Hi everyone, sorry, but subject is probably old, but
Q1. is a year guaranteed?
Q2. is it really possible to extend for a few more years (yes i can pay)
Q3. does one have to prove sufficient funds whilst studing
Q4. has anyone ever brought a dog with when moving to thailand? 
thanx would much appreciate if you have answeres for me


----------



## alaia (Apr 7, 2012)

I am a newbie too but I may have some info for you... do a search for retire cheap asia.. the facillitator's name is JC. Lot of info there no matter your age.. he has been there a LONG time and seems to know the waters pretty well.. ... I think that some of the schools will give you up to three years .. again search for first thai language school and others for up to 10 years depending on your course of study. 
I know you have to pay for the classes AND you have to attend.. you are tested in order to remain in the country. There is a check in every 90 days but no border runs.
I don't think there is a funds requirement as long as you meet the other things.
The school enrollment gives the paperwork and instructions for getting the visa. As long as there is not criminal issue i understand that it works. each year you have to pay the enrollment and then follow the procedure. I know it must initiate outside the country. The schools have websites. Search first thai language school... 

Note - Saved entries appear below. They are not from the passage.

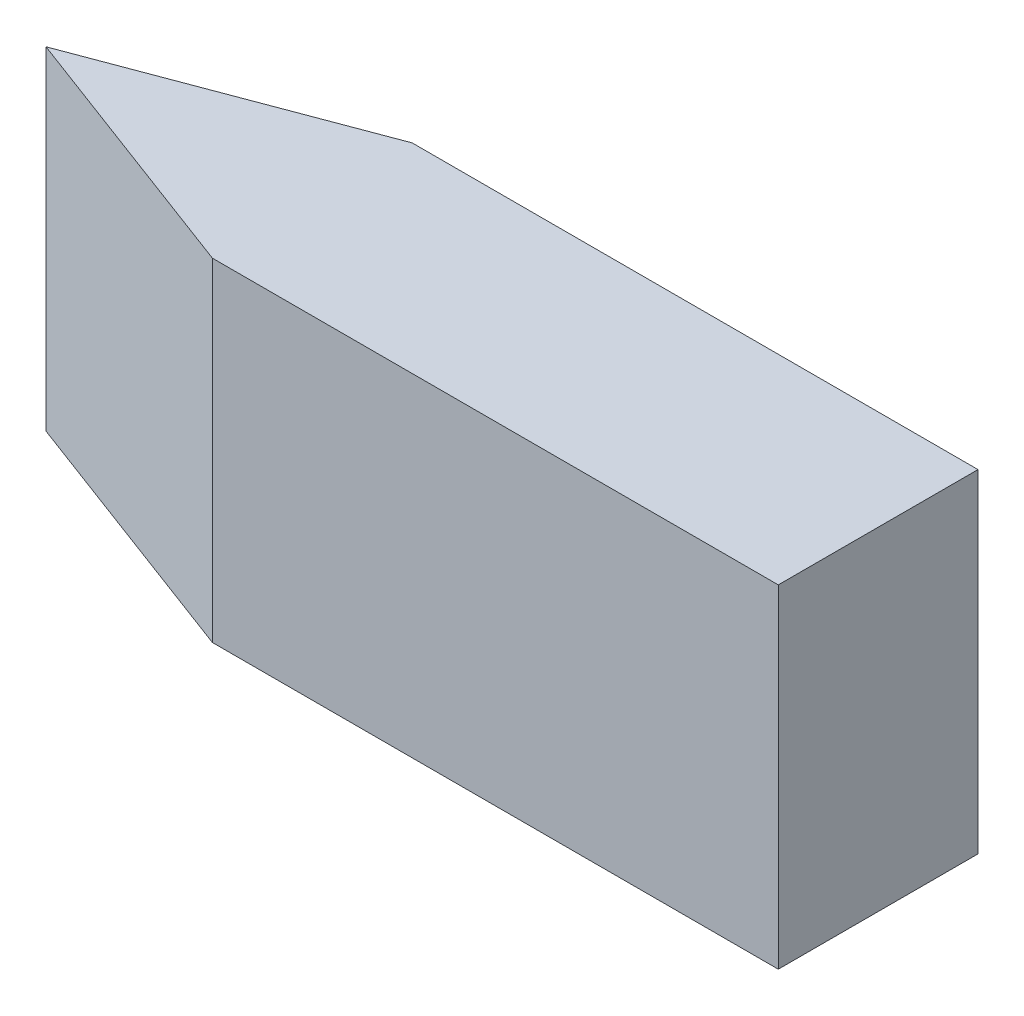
ISO-10303-21;
HEADER;
FILE_DESCRIPTION(('STEP AP214'),'2;1');
FILE_NAME('part.step','',(''),(''),'','','');
FILE_SCHEMA(('AUTOMOTIVE_DESIGN { 1 0 10303 214 1 1 1 1 }'));
ENDSEC;
DATA;
#1=APPLICATION_CONTEXT('core data for automotive mechanical design processes');
#2=APPLICATION_PROTOCOL_DEFINITION('international standard','automotive_design',2000,#1);
#3=PRODUCT_CONTEXT('',#1,'mechanical');
#4=PRODUCT('Part','Part','',(#3));
#5=PRODUCT_RELATED_PRODUCT_CATEGORY('part','',(#4));
#6=PRODUCT_DEFINITION_FORMATION('','',#4);
#7=PRODUCT_DEFINITION_CONTEXT('part definition',#1,'design');
#8=PRODUCT_DEFINITION('design','',#6,#7);
#9=PRODUCT_DEFINITION_SHAPE('','',#8);
#10=(LENGTH_UNIT() NAMED_UNIT(*) SI_UNIT(.MILLI.,.METRE.));
#11=(NAMED_UNIT(*) PLANE_ANGLE_UNIT() SI_UNIT($,.RADIAN.));
#12=(NAMED_UNIT(*) SI_UNIT($,.STERADIAN.) SOLID_ANGLE_UNIT());
#13=UNCERTAINTY_MEASURE_WITH_UNIT(LENGTH_MEASURE(1.E-05),#10,'distance_accuracy_value','');
#14=(GEOMETRIC_REPRESENTATION_CONTEXT(3) GLOBAL_UNCERTAINTY_ASSIGNED_CONTEXT((#13)) GLOBAL_UNIT_ASSIGNED_CONTEXT((#10,
#11,#12)) REPRESENTATION_CONTEXT('',''));
#15=CARTESIAN_POINT('',(0.,0.,0.));
#16=DIRECTION('',(0.,0.,1.));
#17=DIRECTION('',(1.,0.,0.));
#18=AXIS2_PLACEMENT_3D('',#15,#16,#17);
#19=CARTESIAN_POINT('',(0.,10.,0.));
#20=DIRECTION('',(-1.,0.,0.));
#21=DIRECTION('',(0.,0.,1.));
#22=AXIS2_PLACEMENT_3D('',#19,#20,#21);
#23=PLANE('',#22);
#24=DIRECTION('',(0.,0.,-1.));
#25=VECTOR('',#24,1.);
#26=CARTESIAN_POINT('',(0.,0.,0.));
#27=LINE('',#26,#25);
#28=CARTESIAN_POINT('',(0.,0.,0.));
#29=VERTEX_POINT('',#28);
#30=CARTESIAN_POINT('',(0.,0.,-6.));
#31=VERTEX_POINT('',#30);
#32=EDGE_CURVE('E105',#29,#31,#27,.T.);
#33=ORIENTED_EDGE('',*,*,#32,.T.);
#34=DIRECTION('',(0.,-1.,0.));
#35=VECTOR('',#34,1.);
#36=CARTESIAN_POINT('',(0.,10.,-6.));
#37=LINE('',#36,#35);
#38=CARTESIAN_POINT('',(0.,10.,-6.));
#39=VERTEX_POINT('',#38);
#40=EDGE_CURVE('E11',#39,#31,#37,.T.);
#41=ORIENTED_EDGE('',*,*,#40,.F.);
#42=DIRECTION('',(0.,0.,-1.));
#43=VECTOR('',#42,1.);
#44=CARTESIAN_POINT('',(0.,10.,0.));
#45=LINE('',#44,#43);
#46=CARTESIAN_POINT('',(0.,10.,0.));
#47=VERTEX_POINT('',#46);
#48=EDGE_CURVE('E113',#47,#39,#45,.T.);
#49=ORIENTED_EDGE('',*,*,#48,.F.);
#50=DIRECTION('',(0.,-1.,0.));
#51=VECTOR('',#50,1.);
#52=CARTESIAN_POINT('',(0.,10.,0.));
#53=LINE('',#52,#51);
#54=EDGE_CURVE('E101',#47,#29,#53,.T.);
#55=ORIENTED_EDGE('',*,*,#54,.T.);
#56=EDGE_LOOP('',(#33,#41,#49,#55));
#57=FACE_BOUND('',#56,.T.);
#58=ADVANCED_FACE('F31',(#57),#23,.F.);
#59=CARTESIAN_POINT('',(0.,10.,-6.));
#60=DIRECTION('',(0.,0.,1.));
#61=DIRECTION('',(1.,0.,0.));
#62=AXIS2_PLACEMENT_3D('',#59,#60,#61);
#63=PLANE('',#62);
#64=DIRECTION('',(-1.,0.,0.));
#65=VECTOR('',#64,1.);
#66=CARTESIAN_POINT('',(0.,0.,-6.));
#67=LINE('',#66,#65);
#68=CARTESIAN_POINT('',(-17.,0.,-6.));
#69=VERTEX_POINT('',#68);
#70=EDGE_CURVE('E108',#31,#69,#67,.T.);
#71=ORIENTED_EDGE('',*,*,#70,.T.);
#72=DIRECTION('',(0.,-1.,0.));
#73=VECTOR('',#72,1.);
#74=CARTESIAN_POINT('',(-17.,10.,-6.));
#75=LINE('',#74,#73);
#76=CARTESIAN_POINT('',(-17.,10.,-6.));
#77=VERTEX_POINT('',#76);
#78=EDGE_CURVE('E39',#77,#69,#75,.T.);
#79=ORIENTED_EDGE('',*,*,#78,.F.);
#80=DIRECTION('',(-1.,0.,0.));
#81=VECTOR('',#80,1.);
#82=CARTESIAN_POINT('',(0.,10.,-6.));
#83=LINE('',#82,#81);
#84=EDGE_CURVE('E81',#39,#77,#83,.T.);
#85=ORIENTED_EDGE('',*,*,#84,.F.);
#86=ORIENTED_EDGE('',*,*,#40,.T.);
#87=EDGE_LOOP('',(#71,#79,#85,#86));
#88=FACE_BOUND('',#87,.T.);
#89=ADVANCED_FACE('F132',(#88),#63,.F.);
#90=CARTESIAN_POINT('',(-17.,10.,-6.));
#91=DIRECTION('',(0.351123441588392,0.,0.936329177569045));
#92=DIRECTION('',(0.936329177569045,0.,-0.351123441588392));
#93=AXIS2_PLACEMENT_3D('',#90,#91,#92);
#94=PLANE('',#93);
#95=DIRECTION('',(-0.936329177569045,0.,0.351123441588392));
#96=VECTOR('',#95,1.);
#97=CARTESIAN_POINT('',(-17.,0.,-6.));
#98=LINE('',#97,#96);
#99=CARTESIAN_POINT('',(-25.,0.,-3.));
#100=VERTEX_POINT('',#99);
#101=EDGE_CURVE('E96',#69,#100,#98,.T.);
#102=ORIENTED_EDGE('',*,*,#101,.T.);
#103=DIRECTION('',(0.,-1.,0.));
#104=VECTOR('',#103,1.);
#105=CARTESIAN_POINT('',(-25.,10.,-3.));
#106=LINE('',#105,#104);
#107=CARTESIAN_POINT('',(-25.,10.,-3.));
#108=VERTEX_POINT('',#107);
#109=EDGE_CURVE('E93',#108,#100,#106,.T.);
#110=ORIENTED_EDGE('',*,*,#109,.F.);
#111=DIRECTION('',(-0.936329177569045,0.,0.351123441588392));
#112=VECTOR('',#111,1.);
#113=CARTESIAN_POINT('',(-17.,10.,-6.));
#114=LINE('',#113,#112);
#115=EDGE_CURVE('E85',#77,#108,#114,.T.);
#116=ORIENTED_EDGE('',*,*,#115,.F.);
#117=ORIENTED_EDGE('',*,*,#78,.T.);
#118=EDGE_LOOP('',(#102,#110,#116,#117));
#119=FACE_BOUND('',#118,.T.);
#120=ADVANCED_FACE('F94',(#119),#94,.F.);
#121=CARTESIAN_POINT('',(-25.,10.,-3.));
#122=DIRECTION('',(0.351123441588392,0.,-0.936329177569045));
#123=DIRECTION('',(-0.936329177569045,0.,-0.351123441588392));
#124=AXIS2_PLACEMENT_3D('',#121,#122,#123);
#125=PLANE('',#124);
#126=DIRECTION('',(0.936329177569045,0.,0.351123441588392));
#127=VECTOR('',#126,1.);
#128=CARTESIAN_POINT('',(-25.,0.,-3.));
#129=LINE('',#128,#127);
#130=CARTESIAN_POINT('',(-17.,0.,0.));
#131=VERTEX_POINT('',#130);
#132=EDGE_CURVE('E67',#100,#131,#129,.T.);
#133=ORIENTED_EDGE('',*,*,#132,.T.);
#134=DIRECTION('',(0.,-1.,0.));
#135=VECTOR('',#134,1.);
#136=CARTESIAN_POINT('',(-17.,10.,0.));
#137=LINE('',#136,#135);
#138=CARTESIAN_POINT('',(-17.,10.,0.));
#139=VERTEX_POINT('',#138);
#140=EDGE_CURVE('E97',#139,#131,#137,.T.);
#141=ORIENTED_EDGE('',*,*,#140,.F.);
#142=DIRECTION('',(0.936329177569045,0.,0.351123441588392));
#143=VECTOR('',#142,1.);
#144=CARTESIAN_POINT('',(-25.,10.,-3.));
#145=LINE('',#144,#143);
#146=EDGE_CURVE('E89',#108,#139,#145,.T.);
#147=ORIENTED_EDGE('',*,*,#146,.F.);
#148=ORIENTED_EDGE('',*,*,#109,.T.);
#149=EDGE_LOOP('',(#133,#141,#147,#148));
#150=FACE_BOUND('',#149,.T.);
#151=ADVANCED_FACE('F99',(#150),#125,.F.);
#152=CARTESIAN_POINT('',(0.,10.,0.));
#153=DIRECTION('',(0.,0.,-1.));
#154=DIRECTION('',(-1.,0.,0.));
#155=AXIS2_PLACEMENT_3D('',#152,#153,#154);
#156=PLANE('',#155);
#157=DIRECTION('',(1.,0.,0.));
#158=VECTOR('',#157,1.);
#159=CARTESIAN_POINT('',(0.,0.,0.));
#160=LINE('',#159,#158);
#161=EDGE_CURVE('E73',#131,#29,#160,.T.);
#162=ORIENTED_EDGE('',*,*,#161,.T.);
#163=ORIENTED_EDGE('',*,*,#54,.F.);
#164=DIRECTION('',(1.,0.,0.));
#165=VECTOR('',#164,1.);
#166=CARTESIAN_POINT('',(0.,10.,0.));
#167=LINE('',#166,#165);
#168=EDGE_CURVE('E47',#139,#47,#167,.T.);
#169=ORIENTED_EDGE('',*,*,#168,.F.);
#170=ORIENTED_EDGE('',*,*,#140,.T.);
#171=EDGE_LOOP('',(#162,#163,#169,#170));
#172=FACE_BOUND('',#171,.T.);
#173=ADVANCED_FACE('F121',(#172),#156,.F.);
#174=CARTESIAN_POINT('',(0.,10.,-6.));
#175=DIRECTION('',(0.,1.,0.));
#176=DIRECTION('',(0.,0.,1.));
#177=AXIS2_PLACEMENT_3D('',#174,#175,#176);
#178=PLANE('',#177);
#179=ORIENTED_EDGE('',*,*,#48,.T.);
#180=ORIENTED_EDGE('',*,*,#84,.T.);
#181=ORIENTED_EDGE('',*,*,#115,.T.);
#182=ORIENTED_EDGE('',*,*,#146,.T.);
#183=ORIENTED_EDGE('',*,*,#168,.T.);
#184=EDGE_LOOP('',(#179,#180,#181,#182,#183));
#185=FACE_BOUND('',#184,.T.);
#186=ADVANCED_FACE('F87',(#185),#178,.T.);
#187=CARTESIAN_POINT('',(0.,0.,-6.));
#188=DIRECTION('',(0.,1.,0.));
#189=DIRECTION('',(0.,0.,1.));
#190=AXIS2_PLACEMENT_3D('',#187,#188,#189);
#191=PLANE('',#190);
#192=ORIENTED_EDGE('',*,*,#32,.F.);
#193=ORIENTED_EDGE('',*,*,#161,.F.);
#194=ORIENTED_EDGE('',*,*,#132,.F.);
#195=ORIENTED_EDGE('',*,*,#101,.F.);
#196=ORIENTED_EDGE('',*,*,#70,.F.);
#197=EDGE_LOOP('',(#192,#193,#194,#195,#196));
#198=FACE_BOUND('',#197,.T.);
#199=ADVANCED_FACE('F117',(#198),#191,.F.);
#200=CLOSED_SHELL('',(#58,#89,#120,#151,#173,#186,#199));
#201=MANIFOLD_SOLID_BREP('B2',#200);
#202=ADVANCED_BREP_SHAPE_REPRESENTATION('',(#18,#201),#14);
#203=SHAPE_DEFINITION_REPRESENTATION(#9,#202);
ENDSEC;
END-ISO-10303-21;

Dog... I understand that you can bring a dog but getting it out again is a possible issue because thailand has a problem with wiid dogs and rabies..

If you do go to the retire cheap asia site and talk to JC... tell him I sent you... 
Maybe I'll see you there.. My plan is for northern Thailand CM


----------



## joseph44 (May 4, 2011)

leisurelogix said:


> Hi everyone, sorry, but subject is probably old, but
> Q1. is a year guaranteed?
> *As long as you comply with the rules, a year up to 10 years can be guaranteed!*
> Q2. is it really possible to extend for a few more years (yes i can pay)
> ...


....


----------



## Digitalwolf2017 (Oct 21, 2011)

I agree Alaia. JC on youtube -retirecheapjc will help you find his videos. 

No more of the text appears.